Exercise aim -> Retype exactly the lines below, beginning with the first and ending with the line where "settings Model: Creator=morelos_zaragoza" appears.

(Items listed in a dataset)
★ ★ ★ ★ ★

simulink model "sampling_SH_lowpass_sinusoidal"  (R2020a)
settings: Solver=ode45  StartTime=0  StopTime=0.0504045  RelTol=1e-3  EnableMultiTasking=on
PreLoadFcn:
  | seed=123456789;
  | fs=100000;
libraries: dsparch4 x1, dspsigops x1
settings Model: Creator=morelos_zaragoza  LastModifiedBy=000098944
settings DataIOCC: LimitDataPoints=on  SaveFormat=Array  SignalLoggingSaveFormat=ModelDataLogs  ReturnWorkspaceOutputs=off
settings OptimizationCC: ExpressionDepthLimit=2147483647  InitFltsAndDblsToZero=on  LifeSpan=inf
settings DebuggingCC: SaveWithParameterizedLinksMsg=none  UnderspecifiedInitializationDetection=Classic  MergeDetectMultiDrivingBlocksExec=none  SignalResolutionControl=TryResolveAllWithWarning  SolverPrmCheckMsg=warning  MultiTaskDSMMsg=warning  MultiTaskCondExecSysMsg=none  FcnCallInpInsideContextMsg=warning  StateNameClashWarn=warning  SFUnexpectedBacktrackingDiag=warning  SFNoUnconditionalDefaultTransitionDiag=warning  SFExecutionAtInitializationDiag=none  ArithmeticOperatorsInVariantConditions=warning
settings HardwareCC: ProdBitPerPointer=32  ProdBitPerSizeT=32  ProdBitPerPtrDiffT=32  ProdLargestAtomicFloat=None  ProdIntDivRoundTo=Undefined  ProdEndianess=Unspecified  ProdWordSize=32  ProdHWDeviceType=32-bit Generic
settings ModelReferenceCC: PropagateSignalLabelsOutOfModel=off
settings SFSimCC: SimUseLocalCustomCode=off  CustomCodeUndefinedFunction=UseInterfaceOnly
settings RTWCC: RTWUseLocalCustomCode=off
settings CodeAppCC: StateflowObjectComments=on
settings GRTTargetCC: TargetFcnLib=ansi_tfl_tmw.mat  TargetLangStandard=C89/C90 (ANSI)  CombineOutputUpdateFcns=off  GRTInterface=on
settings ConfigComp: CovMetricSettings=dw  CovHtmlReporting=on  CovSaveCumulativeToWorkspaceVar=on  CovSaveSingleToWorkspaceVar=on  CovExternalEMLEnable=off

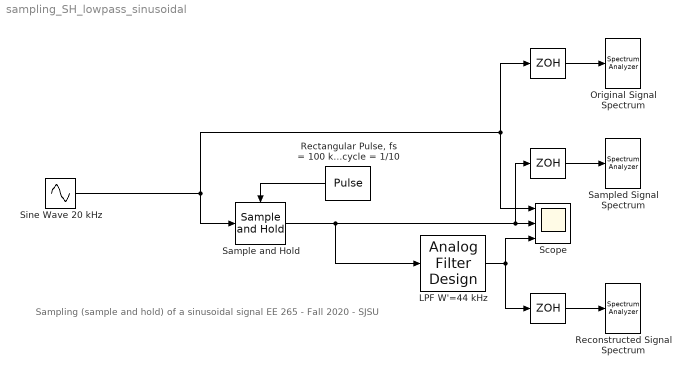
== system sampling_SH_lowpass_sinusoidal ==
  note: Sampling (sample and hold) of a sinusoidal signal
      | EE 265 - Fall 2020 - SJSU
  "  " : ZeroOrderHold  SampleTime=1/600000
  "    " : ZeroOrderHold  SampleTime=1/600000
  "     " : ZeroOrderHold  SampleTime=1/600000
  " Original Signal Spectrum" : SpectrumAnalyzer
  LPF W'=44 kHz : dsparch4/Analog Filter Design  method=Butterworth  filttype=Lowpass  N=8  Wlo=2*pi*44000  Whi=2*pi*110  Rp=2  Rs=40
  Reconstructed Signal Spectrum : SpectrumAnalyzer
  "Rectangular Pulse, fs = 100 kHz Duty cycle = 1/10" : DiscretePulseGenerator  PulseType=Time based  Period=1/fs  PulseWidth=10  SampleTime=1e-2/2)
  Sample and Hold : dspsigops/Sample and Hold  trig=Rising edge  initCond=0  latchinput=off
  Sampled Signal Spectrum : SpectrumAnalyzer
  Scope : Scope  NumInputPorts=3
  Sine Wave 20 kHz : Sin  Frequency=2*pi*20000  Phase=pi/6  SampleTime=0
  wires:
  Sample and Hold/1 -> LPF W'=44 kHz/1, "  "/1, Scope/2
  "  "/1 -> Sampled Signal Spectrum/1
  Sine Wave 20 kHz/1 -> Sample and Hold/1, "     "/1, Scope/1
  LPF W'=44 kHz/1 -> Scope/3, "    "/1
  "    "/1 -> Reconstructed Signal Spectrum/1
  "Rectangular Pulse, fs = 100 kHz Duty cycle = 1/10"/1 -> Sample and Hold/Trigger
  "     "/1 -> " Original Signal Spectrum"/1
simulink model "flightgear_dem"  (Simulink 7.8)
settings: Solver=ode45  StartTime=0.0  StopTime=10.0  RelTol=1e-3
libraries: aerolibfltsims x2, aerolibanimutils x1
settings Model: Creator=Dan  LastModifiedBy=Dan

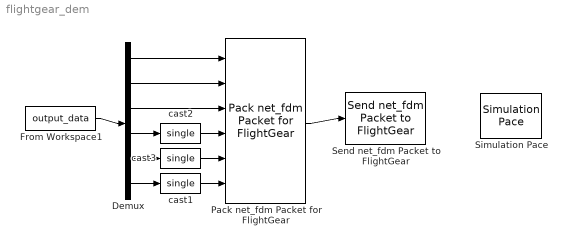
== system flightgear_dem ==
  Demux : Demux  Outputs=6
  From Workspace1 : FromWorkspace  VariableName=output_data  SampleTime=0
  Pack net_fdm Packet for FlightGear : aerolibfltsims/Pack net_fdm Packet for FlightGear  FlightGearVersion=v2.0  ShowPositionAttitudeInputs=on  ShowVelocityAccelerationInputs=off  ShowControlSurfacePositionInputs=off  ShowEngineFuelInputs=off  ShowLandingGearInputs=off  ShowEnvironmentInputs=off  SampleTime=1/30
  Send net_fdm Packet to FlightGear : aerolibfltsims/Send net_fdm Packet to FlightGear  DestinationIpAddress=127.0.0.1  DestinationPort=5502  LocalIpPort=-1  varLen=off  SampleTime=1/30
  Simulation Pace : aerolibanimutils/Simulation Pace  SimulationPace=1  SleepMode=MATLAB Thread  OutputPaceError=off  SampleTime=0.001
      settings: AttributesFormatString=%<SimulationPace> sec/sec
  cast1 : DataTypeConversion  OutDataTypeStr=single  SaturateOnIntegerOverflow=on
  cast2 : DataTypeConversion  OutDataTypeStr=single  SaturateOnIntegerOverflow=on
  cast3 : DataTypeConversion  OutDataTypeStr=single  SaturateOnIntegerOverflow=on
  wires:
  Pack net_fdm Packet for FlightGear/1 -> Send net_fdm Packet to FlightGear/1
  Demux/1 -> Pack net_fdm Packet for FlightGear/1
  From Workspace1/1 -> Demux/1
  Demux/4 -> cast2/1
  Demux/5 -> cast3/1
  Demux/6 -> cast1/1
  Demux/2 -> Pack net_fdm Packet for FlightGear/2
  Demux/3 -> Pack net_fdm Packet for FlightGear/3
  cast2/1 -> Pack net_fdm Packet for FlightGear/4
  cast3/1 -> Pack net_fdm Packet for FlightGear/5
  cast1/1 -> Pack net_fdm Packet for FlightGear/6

★ ★ ★ ★ ★

Solution to the exercise ->
simulink model "sampling_SH_lowpass_sinusoidal"  (R2020a)
settings: Solver=ode45  StartTime=0  StopTime=0.0504045  RelTol=1e-3  EnableMultiTasking=on
PreLoadFcn:
  | seed=123456789;
  | fs=100000;
libraries: dsparch4 x1, dspsigops x1
settings Model: Creator=morelos_zaragoza  LastModifiedBy=000098944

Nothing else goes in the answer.